- Irene Merryweather. Art by Reilly Brown.

Publication information
- Publisher: Marvel Comics
- First appearance: Cable #48 (Nov. 1997)
- Created by: James Robinson (writer) José Ladrönn (artist)

In-story information
- Alter ego: Irene Merryweather
- Team affiliations: Daily Bugle Providence
- Supporting character of: Cable & Deadpool
- Notable aliases: Chronicler

= Irene Merryweather =

Irene Merryweather, also known as the Chronicler, is a fictional character appearing in American comic books published by Marvel Comics. A former reporter, she now acts as a friend and confidante of Cable and was formerly his chief of staff at Providence before its destruction.

Irene Merryweather made her live-action film debut cameo in Deadpool 2 (2018), played by Sonia Sunger.

==Publication history==
Irene Merryweather first appeared in Cable #48 (Nov. 1997) and was created by James Robinson and José Ladrönn.

==Fictional character biography==
Irene always wanted to be a serious reporter working for the Daily Bugle, but she got stuck working for the tabloid The Inquiring Eye. When asked by her editor to investigate Sebastian Shaw and the Hellfire Club, Irene gets drawn into a conspiracy to kill Cable. Irene returns to her office, but finds her co-workers killed by Hellfire Club agents, who attempt to kill her. Cable appears and saves her. He tells Irene that he is from the future and hires Irene to be his chronicler. Cable wants Irene to write down his life so that other people may know about him and his missions, should he get killed. Irene accepts, but soon finds out that working with Cable is not easy; Cable leaves her behind in Switzerland, when he feels that his mission endangers her and she has to return to New York City on her own. Over the next few months, Irene and Cable become close friends, though she often disagrees with him and calls him on bad decisions. Working for Cable, she also is a witness to many incredible events and lands a job as a reporter for the Daily Bugle by writing about them. During this time, Irene investigates the history of the Hellfire Club and Sebastian Shaw offers her a place in the Hellfire Club in return for her silence. Irene refuses.

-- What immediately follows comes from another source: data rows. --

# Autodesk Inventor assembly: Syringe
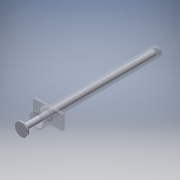
[picture p0: Inventor's stored thumbnail of the model, 180x180]
Saved by Autodesk Inventor 2016 (Build 200138000, 138)
## iProperties
Created: 2017-02-18
Part Number: Syringe
Document SubType Name: Assembly
Designer: Owner
Author: Owner
## Documents named in this file (3)
- C:\Users\Owner\Documents\Inventor\TSA\2017\Animatronics\Alligator\Syringe1mL\Syringe.iam
- C:\Users\Owner\Documents\Inventor\TSA\2017\Animatronics\Alligator\Syringe1mL\SyringEnd.ipt
- C:\Users\Owner\Documents\Inventor\TSA\2017\Animatronics\Alligator\Syringe1mL\SyringeBody.ipt
## Components (2 placed, 2 different names)
1. SyringEnd:1 — Mate:1
2. SyringeBody:1 — Mate:1
## Relationships (1: Mate 1)
- Mate:1: SyringEnd:1 ↔ SyringeBody:1
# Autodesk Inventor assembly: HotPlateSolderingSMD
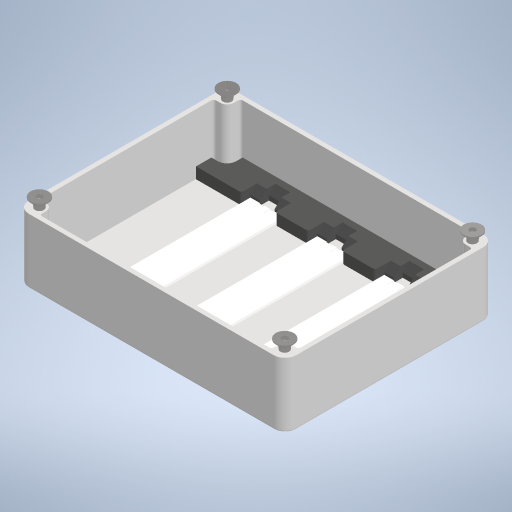
[picture p0: Inventor's stored thumbnail of the model, 512x512]
Saved by Autodesk Inventor 2024 (Build 280153000, 153)
## iProperties
Created: 2024-08-30
Part Number: HotPlateSolderingSMD
Document SubType Name: Assembly
Designer: malam
Author: malam
## Documents named in this file (6)
- C:\Users\malam\Documents\6 - PROJET\12 - HOTPLATE SOLDERING SMD\2 - CONCEPTION 3D\20 - CONCEPTION 3D\HotPlateSolderingSMD.iam
- C:\Users\malam\Documents\6 - PROJET\12 - HOTPLATE SOLDERING SMD\2 - CONCEPTION 3D\20 - CONCEPTION 3D\Boitier_aluminium.ipt
- C:\Users\malam\Documents\6 - PROJET\12 - HOTPLATE SOLDERING SMD\2 - CONCEPTION 3D\20 - CONCEPTION 3D\Couvercle_aluminium.ipt
- C:\Users\malam\Documents\6 - PROJET\12 - HOTPLATE SOLDERING SMD\2 - CONCEPTION 3D\20 - CONCEPTION 3D\Resistance_chauffante_ceramique.ipt
- C:\Users\malam\Documents\6 - PROJET\12 - HOTPLATE SOLDERING SMD\2 - CONCEPTION 3D\20 - CONCEPTION 3D\Centreur_resistance.ipt
- C:\Users\malam\Documents\6 - PROJET\12 - HOTPLATE SOLDERING SMD\2 - CONCEPTION 3D\20 - CONCEPTION 3D\BS 4168 - M4 x 16(7).ipt
## Components (11 placed, 5 different names)
1. Boitier_aluminium:1 — Placage:1, Placage:4, Placage:5, Placage:6, Placage:7, Placage:8, Placage:9, Placage:10, Placage:11, Placage:12, Placage:13, Placage:14, Placage:16, Placage:18
2. Couvercle_aluminium:1 — Placage:12, Placage:13, Placage:14, Placage:15, Affleurement:5, Placage:17, Affleurement:6, Affleurement:7, Affleurement:8
3. Resistance_chauffante_ceramique:1 — Affleurement:1, Affleurement:2, Placage:2, Affleurement:3
4. Resistance_chauffante_ceramique:2 — Affleurement:1, Placage:1, Placage:2, Placage:3, Affleurement:3, Affleurement:4, Placage:4
5. Resistance_chauffante_ceramique:3 — Affleurement:2, Placage:3, Affleurement:4, Placage:5
6. Centreur_resistance:1 — Placage:6, Placage:7, Placage:8
7. Centreur_resistance:2 — Placage:9, Placage:10, Placage:11
8. BS 4168 : Pièce 8 Vis bouton et fraisées à six pans creux - Série métrique - Métrique M4 x 16:1 — Placage:16, Affleurement:8
9. BS 4168 : Pièce 8 Vis bouton et fraisées à six pans creux - Série métrique - Métrique M4 x 16:2 — Placage:15, Affleurement:5
10. BS 4168 : Pièce 8 Vis bouton et fraisées à six pans creux - Série métrique - Métrique M4 x 16:3 — Placage:17, Affleurement:7
11. BS 4168 : Pièce 8 Vis bouton et fraisées à six pans creux - Série métrique - Métrique M4 x 16:4 — Placage:18, Affleurement:6
## Relationships (26: Mate 18, Flush 8)
- Affleurement:1 [Flush]: Resistance_chauffante_ceramique:1 ↔ Resistance_chauffante_ceramique:2
- Affleurement:2 [Flush]: Resistance_chauffante_ceramique:1 ↔ Resistance_chauffante_ceramique:3
- Placage:1 [Mate]: Boitier_aluminium:1 ↔ Resistance_chauffante_ceramique:2
- Placage:2 [Mate] (15 mm): Resistance_chauffante_ceramique:1 ↔ Resistance_chauffante_ceramique:2
- Placage:3 [Mate] (15 mm): Resistance_chauffante_ceramique:2 ↔ Resistance_chauffante_ceramique:3
- Affleurement:3 [Flush]: Resistance_chauffante_ceramique:1 ↔ Resistance_chauffante_ceramique:2
- Affleurement:4 [Flush]: Resistance_chauffante_ceramique:2 ↔ Resistance_chauffante_ceramique:3
- Placage:4 [Mate] (10 mm): Boitier_aluminium:1 ↔ Resistance_chauffante_ceramique:2
- Placage:5 [Mate] (20.5 mm): Boitier_aluminium:1 ↔ Resistance_chauffante_ceramique:3
- Placage:6 [Mate] (0.1 mm): Boitier_aluminium:1 ↔ Centreur_resistance:1
- Placage:7 [Mate] (0.1 mm): Boitier_aluminium:1 ↔ Centreur_resistance:1
- Placage:8 [Mate]: Boitier_aluminium:1 ↔ Centreur_resistance:1
- Placage:9 [Mate] (0.1 mm): Boitier_aluminium:1 ↔ Centreur_resistance:2
- Placage:10 [Mate] (0.1 mm): Boitier_aluminium:1 ↔ Centreur_resistance:2
- Placage:11 [Mate]: Boitier_aluminium:1 ↔ Centreur_resistance:2
- Placage:12 [Mate]: Boitier_aluminium:1 ↔ Couvercle_aluminium:1
- Placage:13 [Mate]: Boitier_aluminium:1 ↔ Couvercle_aluminium:1
- Placage:14 [Mate]: Boitier_aluminium:1 ↔ Couvercle_aluminium:1
- Placage:15 [Mate]: Couvercle_aluminium:1 ↔ BS 4168 : Pièce 8 Vis bouton et fraisées à six pans creux - Série métrique - Métrique M4 x 16:2
- Affleurement:5 [Flush]: Couvercle_aluminium:1 ↔ BS 4168 : Pièce 8 Vis bouton et fraisées à six pans creux - Série métrique - Métrique M4 x 16:2
- Placage:16 [Mate]: Boitier_aluminium:1 ↔ BS 4168 : Pièce 8 Vis bouton et fraisées à six pans creux - Série métrique - Métrique M4 x 16:1
- Placage:17 [Mate]: Couvercle_aluminium:1 ↔ BS 4168 : Pièce 8 Vis bouton et fraisées à six pans creux - Série métrique - Métrique M4 x 16:3
- Placage:18 [Mate]: Boitier_aluminium:1 ↔ BS 4168 : Pièce 8 Vis bouton et fraisées à six pans creux - Série métrique - Métrique M4 x 16:4
- Affleurement:6 [Flush]: Couvercle_aluminium:1 ↔ BS 4168 : Pièce 8 Vis bouton et fraisées à six pans creux - Série métrique - Métrique M4 x 16:4
- Affleurement:7 [Flush]: Couvercle_aluminium:1 ↔ BS 4168 : Pièce 8 Vis bouton et fraisées à six pans creux - Série métrique - Métrique M4 x 16:3
- Affleurement:8 [Flush]: Couvercle_aluminium:1 ↔ BS 4168 : Pièce 8 Vis bouton et fraisées à six pans creux - Série métrique - Métrique M4 x 16:1

When Cable renames himself Soldier X and disappears, Irene starts to worry about him. Her work suffers as a result, but one year later she receives a message from him. He sends her his diaries and confides in her.

When he returns as Cable, she interviews the would-be mutant Messiah. She thinks Cable's power is getting to his head and calls him on it, even bringing a gun to her office to protect herself from him, should he go insane. When Cable secretly uses a virus to turn everybody on Earth pink, only to publicly restore them later to normal, he is lauded as a hero. Irene is fired though for bringing a gun to work. Without a job, Irene moves to Providence, an island-state created by Cable to be a utopia. She takes over administrative duties in the city and basically runs the whole city when Cable is on his missions. Irene even learns to put up with Deadpool, Cable's new associate, who often expresses a romantic interest in her. She doesn't return his feelings, seeing Deadpool as an idiot.

After the destruction of Providence by the Hecatomb, she is attacked by Sabretooth within the ruins of the island but is rescued by the timely intervention of Deadpool, leaving the island before it detonates. She later reappears in the final issue of Cable and Deadpool during a symbiote-dinosaur attack on New York.

Cable's evil clone Stryfe later forces Deadpool to murder Irene when he threatens the lives of Wade's family.

Irene is rescued from this by Cable, who performs extensive time travel. She now has a job working for a news-based website.

==In other media==
Irene Merryweather makes a cameo appearance in Deadpool 2, portrayed by an uncredited Sonia Sunger.